Ou seja, pouco importa o momento macroeconômico de expansão e recessão e partidos que estão no poder. Esses movimentos são cíclicos e difíceis de serem previstos.

Assim, investidores de longo prazo como ele deveriam simplesmente ignorar essas questões conjunturais e focar na qualidade das empresas investidas. Elas, por sua vez, deveriam ser capazes de ganhar dinheiro e gerar valor ao longo dos diferentes momentos destas questões cíclicas.

Como Buffett pensa em décadas, e não meses, os ciclos passam e se sucedem, sendo neutros na sua decisão de investimentos.

Como esta é a ideia geral do Oráculo de Omaha (apelido pelo qual é conhecido em referência à sua expertise e cidade natal), chama a atenção a entrevista que ele concedeu à rede de televisão CBS na qual comenta sobre as tarifas.

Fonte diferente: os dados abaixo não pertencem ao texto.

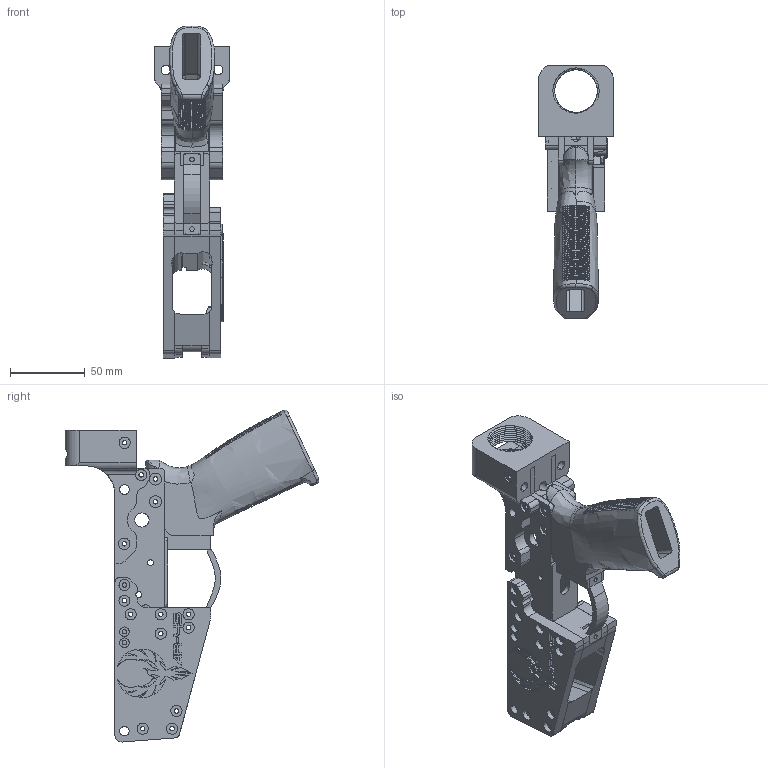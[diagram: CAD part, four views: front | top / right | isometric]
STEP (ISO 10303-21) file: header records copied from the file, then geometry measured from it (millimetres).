
FILE_DESCRIPTION (( 'STEP AP214' ), '1' );
FILE_NAME ('Firebolt_45_UBolt.STEP', '2020-12-05T18:49:06', ( '' ), ( '' ), 'SwSTEP 2.0', 'SolidWorks 2020', '' );
FILE_SCHEMA (( 'AUTOMOTIVE_DESIGN' ));
Length unit declared in the file: millimetre
Products named in the file (13): Firebolt_45_Mag_Well_Rear; Firebolt_UBolt_Buffer_Tower; Mag_Release; Firebolt_Fire_Control_Well_Bottom; Firebolt_45_Mag_Well_Front; Firebolt_UBolt_Side_Left; Firebolt_UBolt_Side_Right; Firebolt_45_Mag_Well_Right; Firebolt_UBolt_Grip_Part; Firebolt_Trigger_Guard; Firebolt_UBolt_Pistol_Grip; Firebolt_45_UBolt; Firebolt_45_Mag_Well_Left
Assembly tree (12 placements, depth 2):
  Firebolt_45_UBolt
    Firebolt_UBolt_Buffer_Tower
    Firebolt_UBolt_Side_Left
    Firebolt_UBolt_Side_Right
    Firebolt_UBolt_Grip_Part
    Firebolt_UBolt_Pistol_Grip
    Firebolt_Fire_Control_Well_Bottom
    Firebolt_Trigger_Guard
    Firebolt_45_Mag_Well_Rear
    Firebolt_45_Mag_Well_Right
    Firebolt_45_Mag_Well_Left
    Firebolt_45_Mag_Well_Front
    Mag_Release
Bounding box: 50 x 170.14 x 222.58 mm (x, y, z)
Volume: 293533.8 mm3; surface area: 127576.8 mm2
Topology: 12 solids, 12 shells, 2377 faces, 7146 edges, 4831 vertices
Faces by surface type: plane 1565, cylinder 486, bspline 294, cone 19, sphere 7, torus 6
Entity records: 147075 total; most frequent: CARTESIAN_POINT 85631, ORIENTED_EDGE 14282, DIRECTION 10341, EDGE_CURVE 7141, VERTEX_POINT 4831, LINE 4421, VECTOR 4421, AXIS2_PLACEMENT_3D 2960
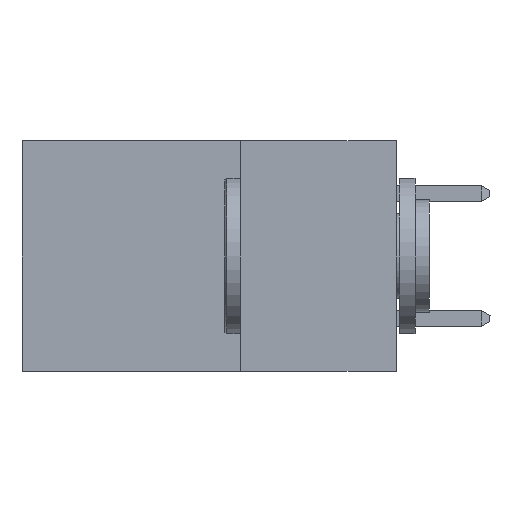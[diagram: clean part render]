
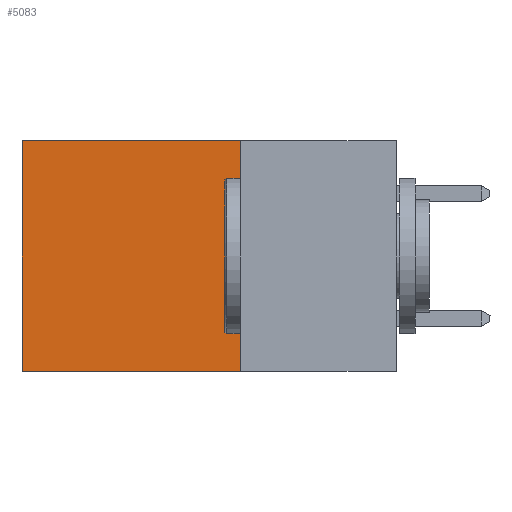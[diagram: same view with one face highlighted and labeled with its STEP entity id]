
A CAD part, left-side view. The second image highlights one B-rep face of the part: STEP entity #5083.
In plain terms, the highlighted planar face has unit normal (-1, 0, 0).
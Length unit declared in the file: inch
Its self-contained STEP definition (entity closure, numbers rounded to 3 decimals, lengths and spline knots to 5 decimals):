
#516 = EDGE_CURVE ( 'NONE', #8250, #1414, #1266, .T. ) ;
#1118 = EDGE_CURVE ( 'NONE', #1414, #10646, #3712, .T. ) ;
#1266 = LINE ( 'NONE', #7631, #13138 ) ;
#1414 = VERTEX_POINT ( 'NONE', #8067 ) ;
#1946 = VECTOR ( 'NONE', #12533, 39.37008 ) ;
#2270 = CARTESIAN_POINT ( 'NONE',  ( 0.2615, 0.25, 0. ) ) ;
#2604 = CARTESIAN_POINT ( 'NONE',  ( 0.2615, 0.25, 0. ) ) ;
#2746 = DIRECTION ( 'NONE',  ( 0., 0., -1. ) ) ;
#2772 = CARTESIAN_POINT ( 'NONE',  ( 0.2615, 0.6, -0.37 ) ) ;
#3023 = EDGE_LOOP ( 'NONE', ( #6753, #6859, #6874, #6941 ) ) ;
#3712 = LINE ( 'NONE', #4516, #9376 ) ;
#4516 = CARTESIAN_POINT ( 'NONE',  ( 0.2615, 0.25, -0.37 ) ) ;
#4831 = LINE ( 'NONE', #2772, #7532 ) ;
#5083 = ADVANCED_FACE ( 'NONE', ( #12692 ), #12094, .F. ) ;
#5182 = LINE ( 'NONE', #2270, #1946 ) ;
#5932 = DIRECTION ( 'NONE',  ( 0., 0., -1. ) ) ;
#5962 = DIRECTION ( 'NONE',  ( 0., 1., 0. ) ) ;
#6421 = AXIS2_PLACEMENT_3D ( 'NONE', #11838, #11872, #11810 ) ;
#6753 = ORIENTED_EDGE ( 'NONE', *, *, #12550, .T. ) ;
#6859 = ORIENTED_EDGE ( 'NONE', *, *, #1118, .F. ) ;
#6874 = ORIENTED_EDGE ( 'NONE', *, *, #516, .F. ) ;
#6941 = ORIENTED_EDGE ( 'NONE', *, *, #14342, .T. ) ;
#7532 = VECTOR ( 'NONE', #2746, 39.37008 ) ;
#7631 = CARTESIAN_POINT ( 'NONE',  ( 0.2615, 0.25, -0.37 ) ) ;
#8067 = CARTESIAN_POINT ( 'NONE',  ( 0.2615, 0.25, -0.37 ) ) ;
#8250 = VERTEX_POINT ( 'NONE', #2604 ) ;
#9174 = VERTEX_POINT ( 'NONE', #12841 ) ;
#9376 = VECTOR ( 'NONE', #5962, 39.37008 ) ;
#10646 = VERTEX_POINT ( 'NONE', #13540 ) ;
#11810 = DIRECTION ( 'NONE',  ( 0., 0., -1. ) ) ;
#11838 = CARTESIAN_POINT ( 'NONE',  ( 0.2615, 0.25, -0.37 ) ) ;
#11872 = DIRECTION ( 'NONE',  ( 1., 0., 0. ) ) ;
#12094 = PLANE ( 'NONE',  #6421 ) ;
#12533 = DIRECTION ( 'NONE',  ( 0., 1., 0. ) ) ;
#12550 = EDGE_CURVE ( 'NONE', #9174, #10646, #4831, .T. ) ;
#12692 = FACE_OUTER_BOUND ( 'NONE', #3023, .T. ) ;
#12841 = CARTESIAN_POINT ( 'NONE',  ( 0.2615, 0.6, 0. ) ) ;
#13138 = VECTOR ( 'NONE', #5932, 39.37008 ) ;
#13540 = CARTESIAN_POINT ( 'NONE',  ( 0.2615, 0.6, -0.37 ) ) ;
#14342 = EDGE_CURVE ( 'NONE', #8250, #9174, #5182, .T. ) ;

Apesar de ser muito contido em termos de política e não comentar sobre as questões de Trump diretamente, Buffett falou sobre o que elas significam. Na visão dele, são quase como um ato de guerra e geram inflação ao longo do tempo: “Os preços serão mais altos daqui a 10 anos, 20 anos” ele disse.

Essa entrevista marca uma grande exceção na opinião geral de Buffett, de que a economia não importa para investir. Ao comentar sobre as tarifas, fica implícito que o Oráculo as considera muito prejudiciais e que devem ser consideradas nos investimentos, especialmente se forem mantidas por um período longo.

Os efeitos em curto prazo

No curto prazo os efeitos deverão ser negativos para os investimentos, em especial, após a retaliação da China e muitos outros países.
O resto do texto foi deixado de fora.